CPX Drone Claw


In this project we’ll show you how to build a DIY Drone Claw.


We designed and 3D Printed a claw attachment for the DJI Mavic Pro. This doesn’t obstruct the vision sensors so we can fly safely with obstacle avoidance.


This build can be used for educational projects like the classic egg drop or even delivering small objects.


You can also use this to pick up the trash, carry objects to research sites or even camping grounds.
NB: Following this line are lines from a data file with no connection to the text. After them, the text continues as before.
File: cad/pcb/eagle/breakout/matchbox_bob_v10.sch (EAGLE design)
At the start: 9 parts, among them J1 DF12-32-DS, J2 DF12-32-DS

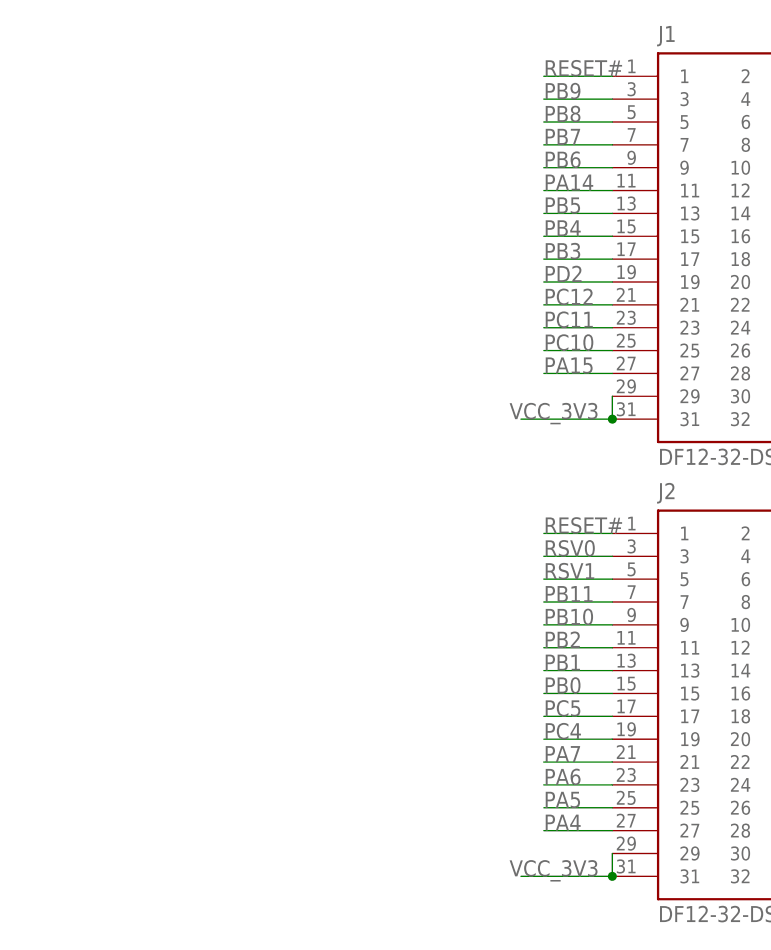
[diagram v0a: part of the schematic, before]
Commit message: Tweaks to BOB v1.0
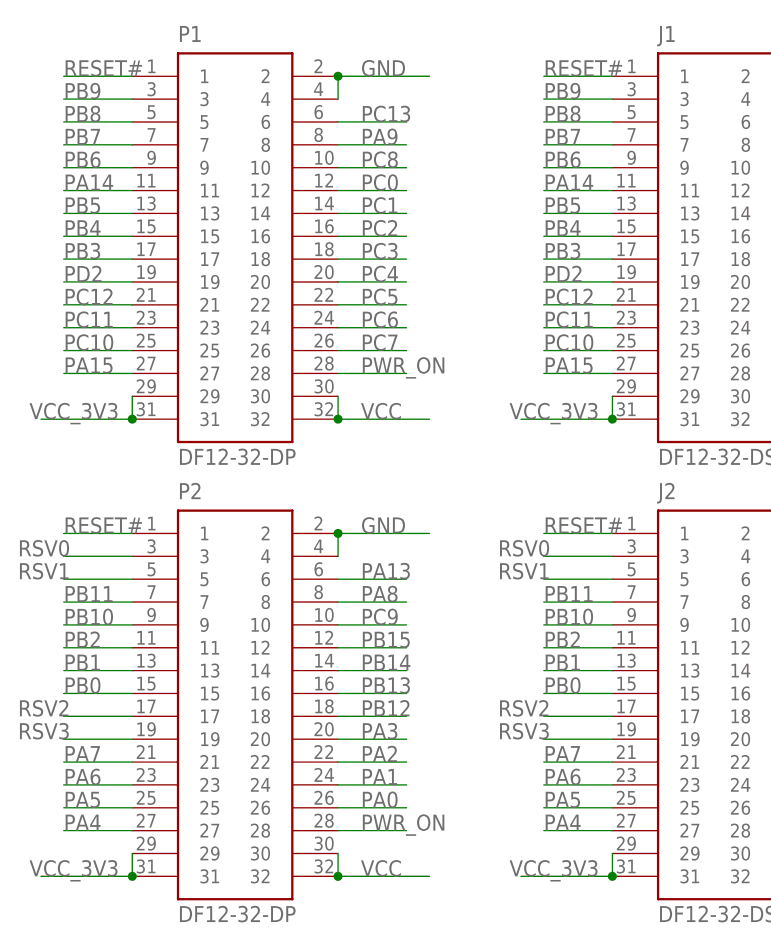
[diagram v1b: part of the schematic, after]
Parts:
- added P1, P2: DF12-32-DP, micro1292:AS-ITM-00015
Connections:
- new net RSV2: J2.17, P2.17
- new net RSV3: J2.19, P2.19
- net GND: now also P1.2, P1.4, P2.2, P2.4
- net PA0: now also P2.26
- net PA1: now also P2.24
- net PA13: now also P2.6
- net PA14: now also P1.11
- net PA15: now also P1.27
- net PA2: now also P2.22
- net PA3: now also P2.20
- net PA4: now also P2.27
- net PA5: now also P2.25
- net PA6: now also P2.23
- net PA7: now also P2.21
- net PA8: now also P2.8
- net PA9: now also P1.8
- net PB0: now also P2.15
- net PB1: now also P2.13
- net PB10: now also P2.9
- net PB11: now also P2.7
- net PB12: now also P2.18
- net PB13: now also P2.16
- net PB14: now also P2.14
- net PB15: now also P2.12
- net PB2: now also P2.11
- net PB3: now also P1.17
- net PB4: now also P1.15
- net PB5: now also P1.13
- net PB6: now also P1.9
- net PB7: now also P1.7
- net PB8: now also P1.5
- net PB9: now also P1.3
- net PC0: now also P1.12
- net PC1: now also P1.14
- net PC10: now also P1.25
- net PC11: now also P1.23
- net PC12: now also P1.21
- net PC13: now also P1.6
- net PC2: now also P1.16
- net PC3: now also P1.18
- net PC4: now also P1.20; no longer J2.19
- net PC5: now also P1.22; no longer J2.17
- net PC6: now also P1.24
- net PC7: now also P1.26
- net PC8: now also P1.10
- net PC9: now also P2.10
- net PD2: now also P1.19
- net PWR_ON: now also P1.28, P2.28
- net RESET#: now also P1.1, P2.1
- net RSV0: now also P2.3
- net RSV1: now also P2.5
- net VCC: now also P1.30, P1.32, P2.30, P2.32
- net VCC_3V3: now also P1.29, P1.31, P2.29, P2.31

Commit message: Add passthrough to v1.0 BOB
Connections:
- net PC4: now also J2.19
- net PC5: now also J2.17
- net RSV2: no longer J2.17
- net RSV3: no longer J2.19
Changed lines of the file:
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@@
 <net name="PC4" class="0">
+<segment>
+<wire x1="20.32" y1="81.28" x2="27.94" y2="81.28" width="0.1524" layer="91"/>
+<label x="20.32" y="81.28" size="1.778" layer="95"/>
+<pinref part="J2" gate="G$1" pin="19"/>
+</segment>
 <segment>
 <wire x1="50.8" y1="132.08" x2="58.42" y2="132.08" width="0.1524" layer="91"/>
@@
 <net name="PC5" class="0">
 <segment>
+<wire x1="20.32" y1="83.82" x2="27.94" y2="83.82" width="0.1524" layer="91"/>
+<label x="20.32" y="83.82" size="1.778" layer="95"/>
+<pinref part="J2" gate="G$1" pin="17"/>
+</segment>
+<segment>
 <wire x1="50.8" y1="129.54" x2="58.42" y2="129.54" width="0.1524" layer="91"/>
 <label x="53.34" y="129.54" size="1.778" layer="95"/>
@@
 <segment>
 <wire x1="20.32" y1="101.6" x2="27.94" y2="101.6" width="0.1524" layer="91"/>
-<label x="15.24" y="101.6" size="1.778" layer="95"/>
+<label x="20.32" y="101.6" size="1.778" layer="95"/>
 <pinref part="J2" gate="G$1" pin="3"/>
 </segment>
@@
 <segment>
 <wire x1="20.32" y1="99.06" x2="27.94" y2="99.06" width="0.1524" layer="91"/>
-<label x="15.24" y="99.06" size="1.778" layer="95"/>
+<label x="20.32" y="99.06" size="1.778" layer="95"/>
 <pinref part="J2" gate="G$1" pin="5"/>
 </segment>
@@
 <pinref part="P2" gate="G$1" pin="17"/>
 </segment>
-<segment>
-<wire x1="20.32" y1="83.82" x2="27.94" y2="83.82" width="0.1524" layer="91"/>
-<label x="15.24" y="83.82" size="1.778" layer="95"/>
-<pinref part="J2" gate="G$1" pin="17"/>
-</segment>
 </net>
 <net name="RSV3" class="0">
@@
 <pinref part="P2" gate="G$1" pin="19"/>
 </segment>
-<segment>
-<wire x1="20.32" y1="81.28" x2="27.94" y2="81.28" width="0.1524" layer="91"/>
-<label x="15.24" y="81.28" size="1.778" layer="95"/>
-<pinref part="J2" gate="G$1" pin="19"/>
-</segment>
-</net>
+</net>
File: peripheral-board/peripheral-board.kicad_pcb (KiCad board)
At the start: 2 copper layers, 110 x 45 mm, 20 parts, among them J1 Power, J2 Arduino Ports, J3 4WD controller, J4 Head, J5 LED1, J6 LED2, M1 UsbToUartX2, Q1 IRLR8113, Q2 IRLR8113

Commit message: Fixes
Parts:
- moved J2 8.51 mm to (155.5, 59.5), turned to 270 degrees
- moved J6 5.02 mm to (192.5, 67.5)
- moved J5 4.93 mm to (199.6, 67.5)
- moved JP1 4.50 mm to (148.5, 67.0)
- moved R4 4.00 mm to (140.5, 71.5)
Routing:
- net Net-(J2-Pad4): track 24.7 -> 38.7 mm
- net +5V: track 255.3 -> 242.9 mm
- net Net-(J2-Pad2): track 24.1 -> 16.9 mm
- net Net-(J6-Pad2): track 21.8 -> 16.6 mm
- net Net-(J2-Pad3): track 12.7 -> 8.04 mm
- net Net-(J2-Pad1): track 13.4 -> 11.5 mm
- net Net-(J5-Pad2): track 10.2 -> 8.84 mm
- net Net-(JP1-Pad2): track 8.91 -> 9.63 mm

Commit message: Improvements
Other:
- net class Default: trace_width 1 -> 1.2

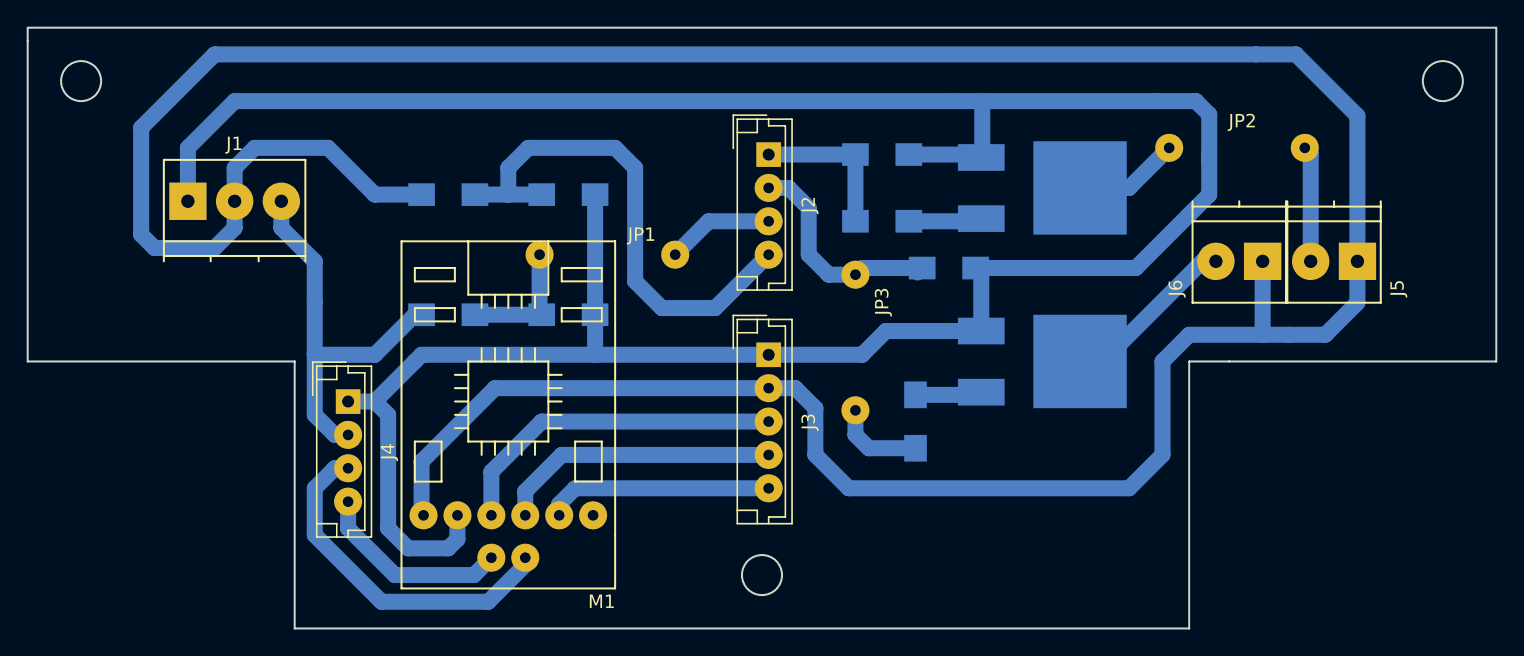
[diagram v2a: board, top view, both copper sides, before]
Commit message: Thicker tracks
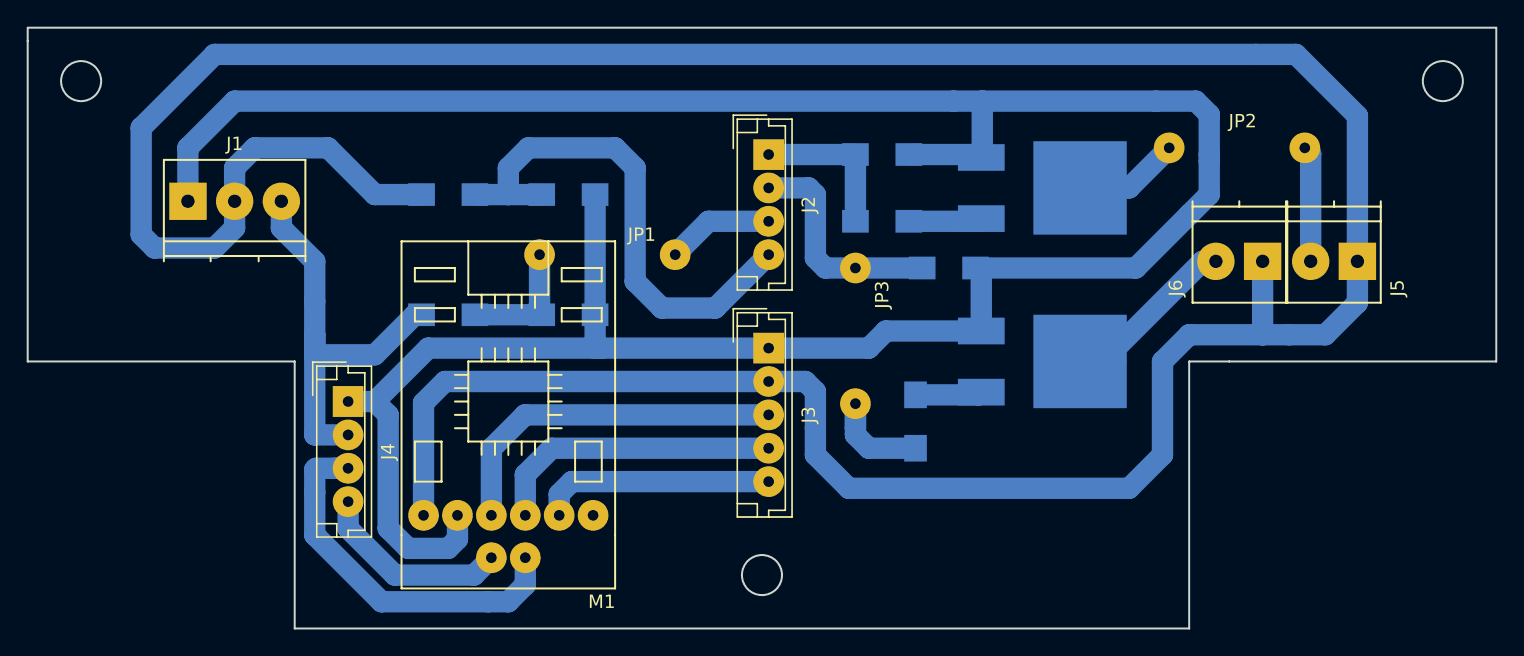
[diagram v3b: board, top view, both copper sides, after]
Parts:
- moved J3 0.50 mm to (155.5, 74.0)
- moved JP3 0.50 mm to (162.0, 68.0)
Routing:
- net +5V: track 242.9 -> 246.6 mm
- net Net-(J4-Pad3): track 26.1 -> 29.4 mm
- net +7.4V: track 29.4 -> 31.8 mm
- net Net-(JP3-Pad2): track 6.75 -> 8.59 mm
- net Net-(J3-Pad3): track 25.6 -> 26.8 mm
- net Net-(J3-Pad4): track 21.2 -> 22.1 mm
- net Net-(J2-Pad2): track 16.9 -> 16.3 mm
- net Net-(J3-Pad5): track 17.0 -> 17.7 mm
- net GND: track 203.7 -> 203.2 mm
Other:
- net class Default: trace_width 1.2 -> 1.6
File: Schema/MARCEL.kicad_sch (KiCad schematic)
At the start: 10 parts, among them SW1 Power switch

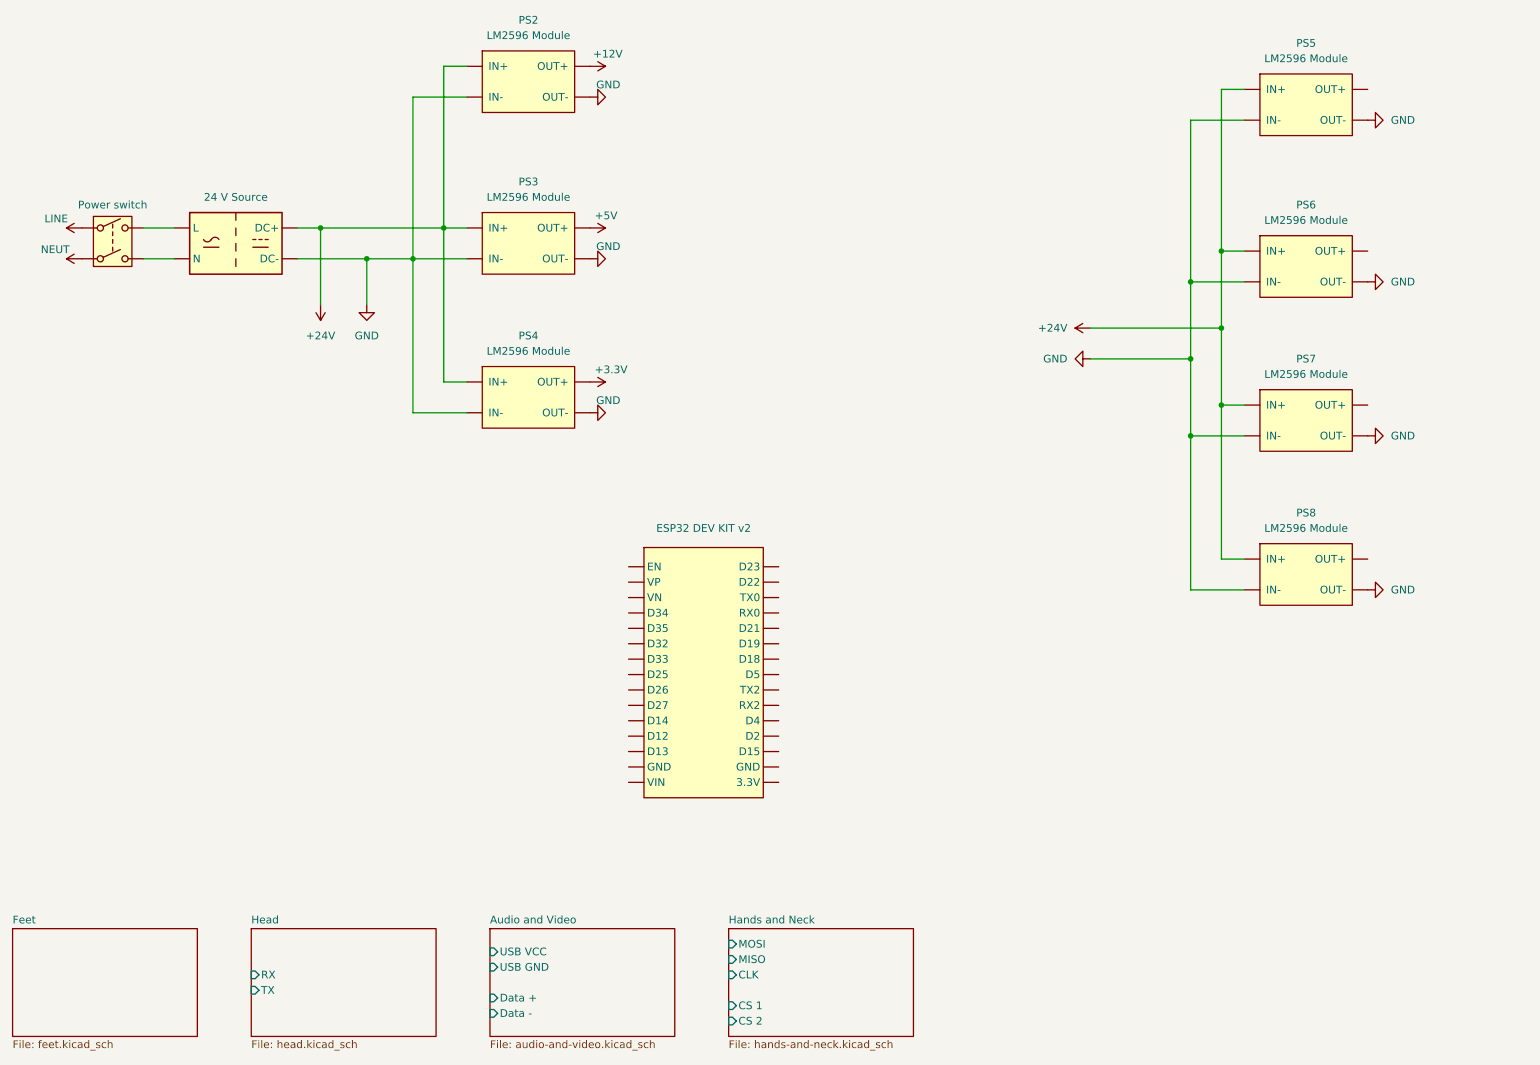
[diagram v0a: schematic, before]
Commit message: Updated schema and added math before ONCS
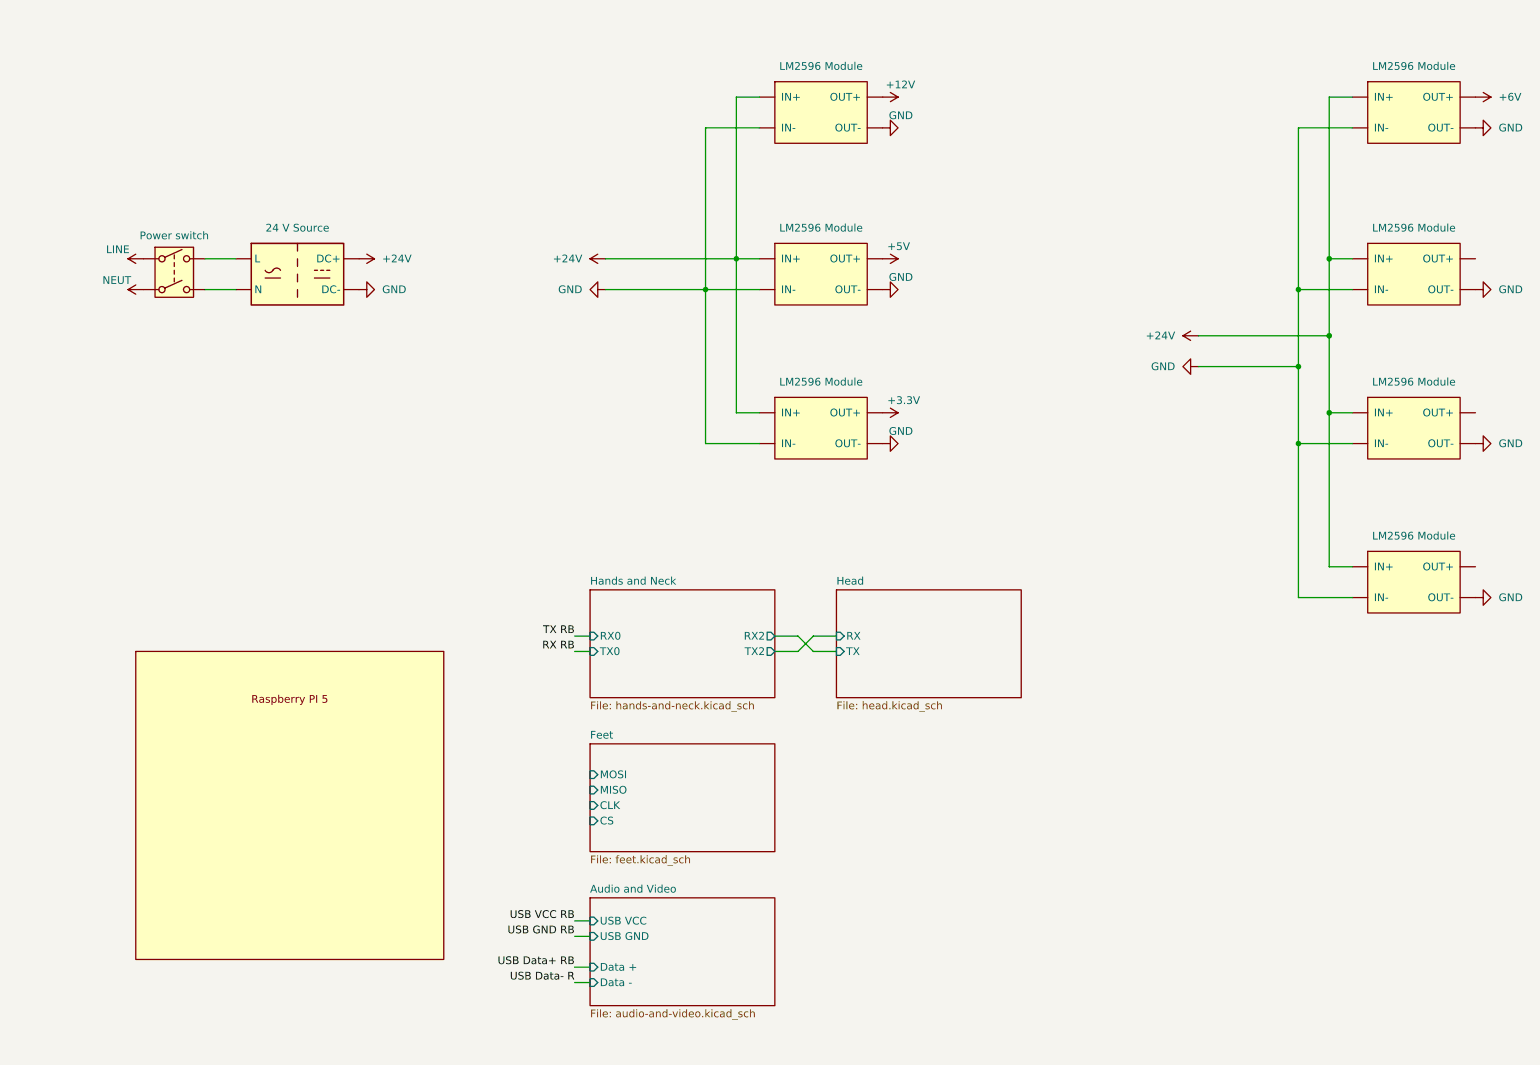
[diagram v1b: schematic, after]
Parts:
- removed ESP32 DEV KIT v2: ~, symbol MARCEL-custom:ESP32
- added U10: ~, symbol MARCEL-custom:Raspberry_PI_5
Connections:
- net +6V: now reaches PS5.3 (OUT+)
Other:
- sheet Feet ports: added CLK, CS, MISO, MOSI; removed none
- sheet Hands and Neck ports: added RX0, RX2, TX0, TX2; removed CLK, CS 1, CS 2, MISO, MOSI

There’s a lot of tasks that you can do with a claw attachment.

Light Pipes

The on board light sensor on the Circuit Playground Express activates the claw with a light pipe connected to the LEDs on the drone!

3D Printed Light Leak Proof Case

The Circuit Playground Express mounts inside our 3d printed enclosure to block out all light, so you can use it on any project that uses the light sensor!

The Claw


The claw is actuated using a micro servo and remotely triggered using the remote controller.


We’re using the Light Sensor on the Adafruit Circuit Playground to detect when the LEDs are on.


Trigger with Light Pipes


A light pipe tunnels the LEDs on the Drone into the 3D printed enclosure.

So the servo opens and closes when the LEDs are remotely turned on and off.

Payload Weight 

The Mavic Pro has a maximum payload capacity of about 2 lbs or 990 grams.

This gives us enough lift for use in situations such as research, where you would need to move around small specimens or even something like beach clean up!


Listed below are all the components and hardware screws you'll need to build your own drone claw!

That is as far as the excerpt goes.